↓

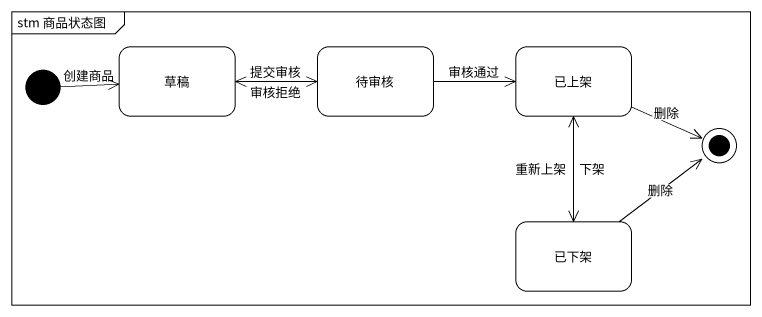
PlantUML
@startuml
mainframe stm 商品状态图
hide empty description
state 草稿
state 待审核
state 已上架
state 已下架
[*] -right-> 草稿 : 创建商品
草稿 -right-> 待审核 : 提交审核
待审核 -left-> 草稿 : 审核拒绝
待审核 -right-> 已上架 : 审核通过
已上架 --> 已下架 : 下架
已下架 -up-> 已上架 : 重新上架
已上架 -right-> [*] : 删除
已下架 -up-> [*] : 删除
@enduml
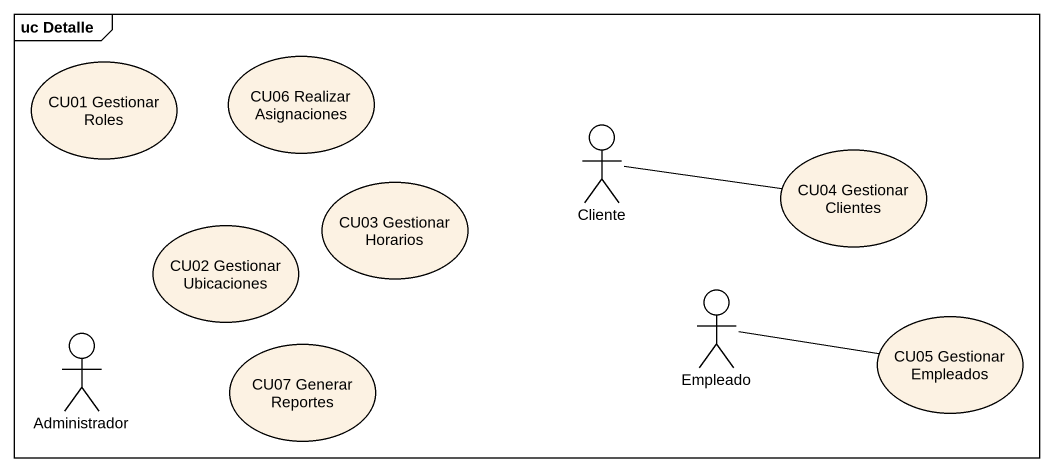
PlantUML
@startuml
mainframe uc Detalle
usecase "CU01 Gestionar Roles" as CU01_Gestionar_Roles
usecase "CU06 Realizar Asignaciones" as CU06_Realizar_Asignaciones
actor Cliente
usecase "CU03 Gestionar Horarios" as CU03_Gestionar_Horarios
usecase "CU04 Gestionar Clientes" as CU04_Gestionar_Clientes
usecase "CU02 Gestionar Ubicaciones" as CU02_Gestionar_Ubicaciones
actor Empleado
actor Administrador
usecase "CU07 Generar Reportes" as CU07_Generar_Reportes
usecase "CU05 Gestionar Empleados" as CU05_Gestionar_Empleados
Cliente -right- CU04_Gestionar_Clientes
Empleado -right- CU05_Gestionar_Empleados
@enduml

↑

Task brief -> Please go through the entries and show every line with the word "mainframe".

Result of the exercise ->
mainframe stm 商品状态图
mainframe uc Detalle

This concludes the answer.